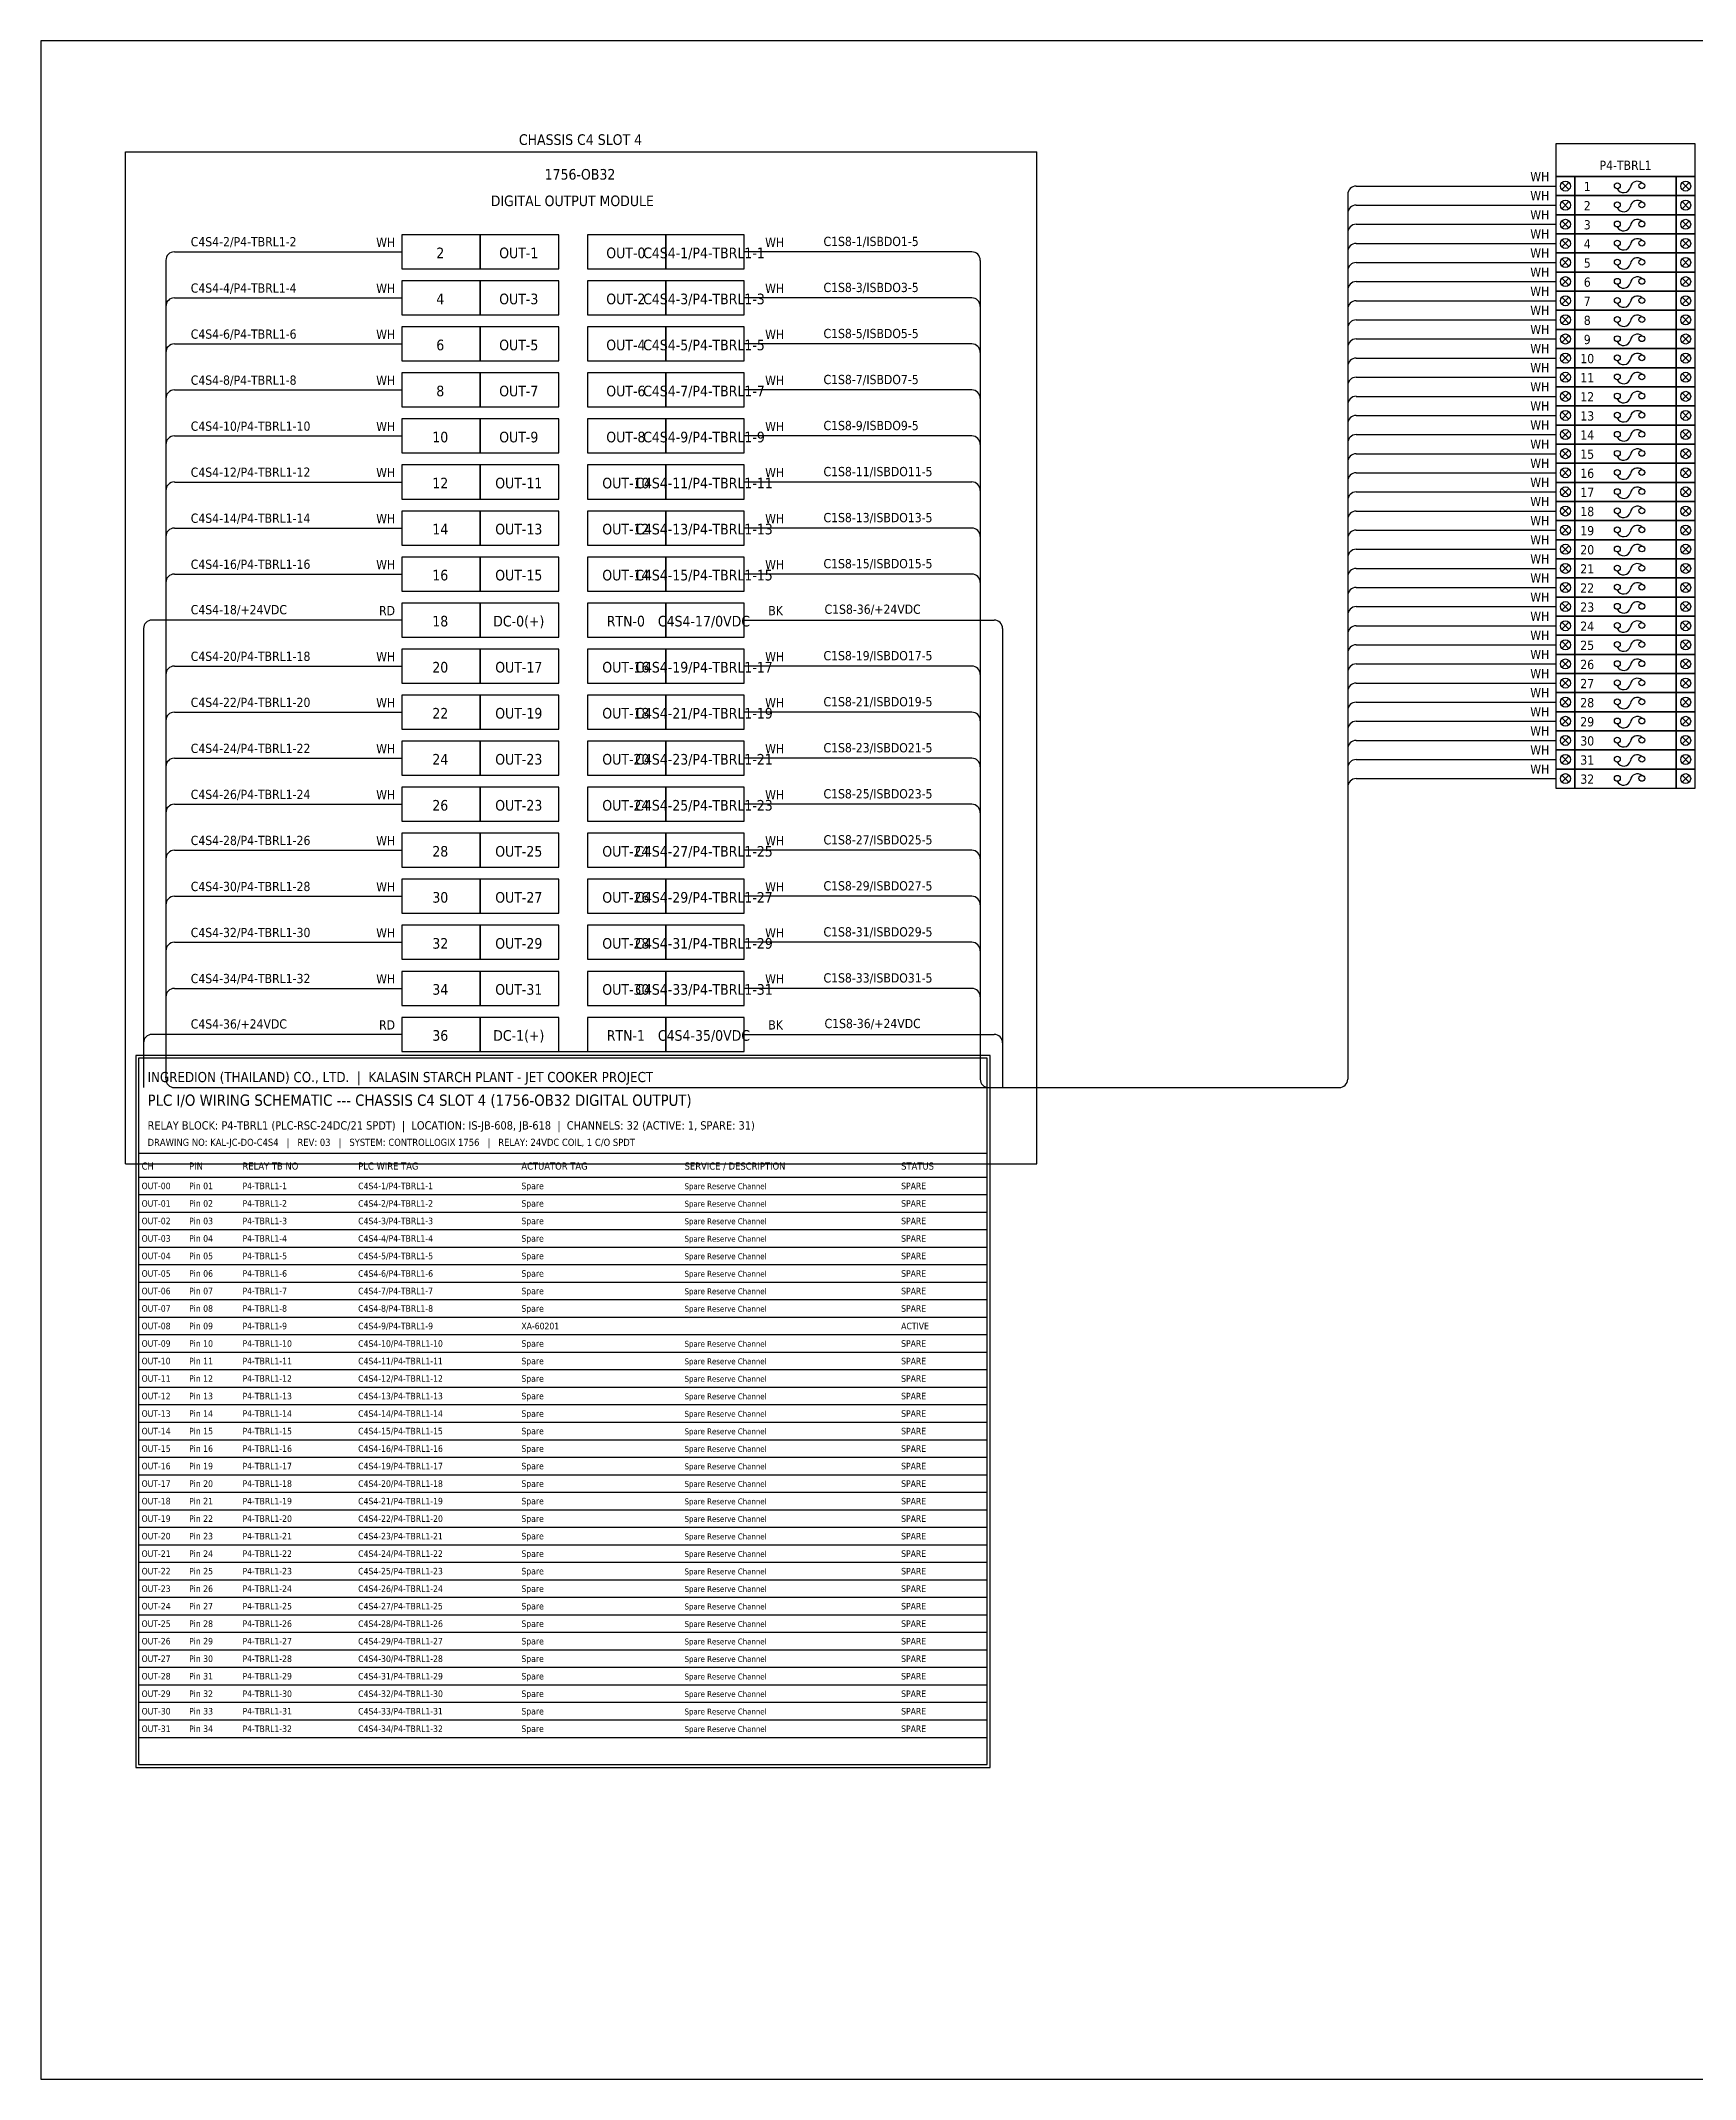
# Model space of a CAD drawing. Header units: millimetres. Extents: x 0 to 134764, y 0 to 68687.
# Drawn here: x 0 to 55766, y 0 to 68687 of the extents above; entities that cross this region are included whole.
import ezdxf
from ezdxf.enums import TextEntityAlignment as Align

# ---------------------------------------------------------------- set-up
doc = ezdxf.new("R2010")
doc.units = ezdxf.units.MM
for name, color, linetype, lineweight in [('ASHADE', 7, 'Continuous', 25), ('IE-EQUIP', 253, 'Continuous', 25), ('IE-WIRE', 7, 'Continuous', 25), ('power', 7, 'Continuous', 25)]:
    doc.layers.add(name, color=color, linetype=linetype, lineweight=lineweight)
doc.styles.add('Tahoma', font='')
doc.styles.get('Tahoma').set_extended_font_data('Tahoma')

msp = doc.modelspace()

# ---------------------------------------------------------------- linework, layer by layer
at = {"color": 1, "ltscale": 25.4}
for p, q in [((51510, 63911), (51271, 63672)), ((51271, 63911), (51510, 63672)), ((55324, 63911), (55564, 63672)), ((55564, 63911), (55324, 63672)), ((51510, 63267), (51271, 63027)), ((51271, 63267), (51510, 63027)), ((55324, 63267), (55564, 63027)), ((55564, 63267), (55324, 63027)), ((51510, 62623), (51271, 62383)), ((51271, 62623), (51510, 62383)), ((55324, 62623), (55564, 62383)), ((55564, 62623), (55324, 62383)), ((51510, 61979), (51271, 61739)), ((51271, 61979), (51510, 61739)), ((55324, 61979), (55564, 61739)), ((55564, 61979), (55324, 61739)), ((51510, 61335), (51271, 61095)), ((51271, 61335), (51510, 61095)), ((55324, 61335), (55564, 61095)), ((55564, 61335), (55324, 61095)), ((51510, 60691), (51271, 60451)), ((51271, 60691), (51510, 60451)), ((55324, 60691), (55564, 60451)), ((55564, 60691), (55324, 60451)), ((51510, 60047), (51271, 59807)), ((51271, 60047), (51510, 59807)), ((55324, 60047), (55564, 59807)), ((55564, 60047), (55324, 59807)), ((51510, 59402), (51271, 59163)), ((51271, 59402), (51510, 59163)), ((55324, 59402), (55564, 59163)), ((55564, 59402), (55324, 59163)), ((51510, 58758), (51271, 58519)), ((51271, 58758), (51510, 58519)), ((55324, 58758), (55564, 58519)), ((55564, 58758), (55324, 58519)), ((51510, 58114), (51271, 57875)), ((51271, 58114), (51510, 57875)), ((55324, 58114), (55564, 57875)), ((55564, 58114), (55324, 57875)), ((51510, 57470), (51271, 57230)), ((51271, 57470), (51510, 57230)), ((55324, 57470), (55564, 57230)), ((55564, 57470), (55324, 57230)), ((51510, 56826), (51271, 56586)), ((51271, 56826), (51510, 56586)), ((55324, 56826), (55564, 56586)), ((55564, 56826), (55324, 56586)), ((51510, 56182), (51271, 55942)), ((51271, 56182), (51510, 55942)), ((55324, 56182), (55564, 55942)), ((55564, 56182), (55324, 55942)), ((51510, 55538), (51271, 55298)), ((51271, 55538), (51510, 55298)), ((55324, 55538), (55564, 55298)), ((55564, 55538), (55324, 55298)), ((51510, 54894), (51271, 54654)), ((51271, 54894), (51510, 54654)), ((55324, 54894), (55564, 54654)), ((55564, 54894), (55324, 54654)), ((51510, 54250), (51271, 54010)), ((51271, 54250), (51510, 54010)), ((51510, 53605), (51271, 53366)), ((51271, 53605), (51510, 53366)), ((55324, 54250), (55564, 54010)), ((55564, 54250), (55324, 54010)), ((55324, 53605), (55564, 53366)), ((55564, 53605), (55324, 53366)), ((51510, 52961), (51271, 52722)), ((51271, 52961), (51510, 52722)), ((55324, 52961), (55564, 52722)), ((55564, 52961), (55324, 52722)), ((51510, 52317), (51271, 52077)), ((51271, 52317), (51510, 52077)), ((55324, 52317), (55564, 52077)), ((55564, 52317), (55324, 52077)), ((51510, 51673), (51271, 51433)), ((51271, 51673), (51510, 51433)), ((55324, 51673), (55564, 51433)), ((55564, 51673), (55324, 51433)), ((51510, 51029), (51271, 50789)), ((51271, 51029), (51510, 50789)), ((55324, 51029), (55564, 50789)), ((55564, 51029), (55324, 50789)), ((51510, 50385), (51271, 50145)), ((51271, 50385), (51510, 50145)), ((55324, 50385), (55564, 50145)), ((55564, 50385), (55324, 50145)), ((51510, 49741), (51271, 49501)), ((51271, 49741), (51510, 49501)), ((55324, 49741), (55564, 49501)), ((55564, 49741), (55324, 49501)), ((51510, 49097), (51271, 48857)), ((51271, 49097), (51510, 48857)), ((55324, 49097), (55564, 48857)), ((55564, 49097), (55324, 48857)), ((51510, 48452), (51271, 48213)), ((51271, 48452), (51510, 48213)), ((55324, 48452), (55564, 48213)), ((55564, 48452), (55324, 48213)), ((51510, 47808), (51271, 47569)), ((51271, 47808), (51510, 47569)), ((55324, 47808), (55564, 47569)), ((55564, 47808), (55324, 47569)), ((51510, 47164), (51271, 46925)), ((51271, 47164), (51510, 46925)), ((55324, 47164), (55564, 46925)), ((55564, 47164), (55324, 46925)), ((51510, 46520), (51271, 46280)), ((51271, 46520), (51510, 46280)), ((55324, 46520), (55564, 46280)), ((55564, 46520), (55324, 46280)), ((51510, 45876), (51271, 45636)), ((51271, 45876), (51510, 45636)), ((55324, 45876), (55564, 45636)), ((55564, 45876), (55324, 45636)), ((51510, 45232), (51271, 44992)), ((51271, 45232), (51510, 44992)), ((55324, 45232), (55564, 44992)), ((55564, 45232), (55324, 44992)), ((51510, 44588), (51271, 44348)), ((51271, 44588), (51510, 44348)), ((55324, 44588), (55564, 44348)), ((55564, 44588), (55324, 44348)), ((51510, 43944), (51271, 43704)), ((51271, 43944), (51510, 43704)), ((55324, 43944), (55564, 43704)), ((55564, 43944), (55324, 43704))]:
    msp.add_line(p, q, dxfattribs=at)
msp.add_line((17459, 34634), (18424, 34634))
msp.add_lwpolyline([(0, 0), (98890, 0), (98890, 68687), (0, 68687)], close=True)
at = {"color": 4, "ltscale": 25.4}
msp.add_lwpolyline([(51068, 64113), (55766, 64113), (55766, 65214), (51068, 65214)], close=True, dxfattribs=at)
at = {"color": 1, "ltscale": 25.4}
for points in [[(51068, 63469), (51713, 63469), (51713, 64113), (51068, 64113)], [(51713, 63469), (55122, 63469), (55122, 64113), (51713, 64113)], [(55122, 63469), (55766, 63469), (55766, 64113), (55122, 64113)], [(51068, 62825), (51713, 62825), (51713, 63469), (51068, 63469)], [(51713, 62825), (55122, 62825), (55122, 63469), (51713, 63469)], [(55122, 62825), (55766, 62825), (55766, 63469), (55122, 63469)], [(51068, 62181), (51713, 62181), (51713, 62825), (51068, 62825)], [(51713, 62181), (55122, 62181), (55122, 62825), (51713, 62825)], [(55122, 62181), (55766, 62181), (55766, 62825), (55122, 62825)], [(51068, 61537), (51713, 61537), (51713, 62181), (51068, 62181)], [(51713, 61537), (55122, 61537), (55122, 62181), (51713, 62181)], [(55122, 61537), (55766, 61537), (55766, 62181), (55122, 62181)], [(51068, 60893), (51713, 60893), (51713, 61537), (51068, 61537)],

▶ **Task objective**
Repeat, word for word, every line from the line that contains "msp.add_line((17459, 34634), (18424, 34634))" to the end of the entries; include both of those lines and no others.

▶ **Task output**
msp.add_line((17459, 34634), (18424, 34634))
msp.add_lwpolyline([(0, 0), (98890, 0), (98890, 68687), (0, 68687)], close=True)
at = {"color": 4, "ltscale": 25.4}
msp.add_lwpolyline([(51068, 64113), (55766, 64113), (55766, 65214), (51068, 65214)], close=True, dxfattribs=at)
at = {"color": 1, "ltscale": 25.4}
for points in [[(51068, 63469), (51713, 63469), (51713, 64113), (51068, 64113)], [(51713, 63469), (55122, 63469), (55122, 64113), (51713, 64113)], [(55122, 63469), (55766, 63469), (55766, 64113), (55122, 64113)], [(51068, 62825), (51713, 62825), (51713, 63469), (51068, 63469)], [(51713, 62825), (55122, 62825), (55122, 63469), (51713, 63469)], [(55122, 62825), (55766, 62825), (55766, 63469), (55122, 63469)], [(51068, 62181), (51713, 62181), (51713, 62825), (51068, 62825)], [(51713, 62181), (55122, 62181), (55122, 62825), (51713, 62825)], [(55122, 62181), (55766, 62181), (55766, 62825), (55122, 62825)], [(51068, 61537), (51713, 61537), (51713, 62181), (51068, 62181)], [(51713, 61537), (55122, 61537), (55122, 62181), (51713, 62181)], [(55122, 61537), (55766, 61537), (55766, 62181), (55122, 62181)], [(51068, 60893), (51713, 60893), (51713, 61537), (51068, 61537)],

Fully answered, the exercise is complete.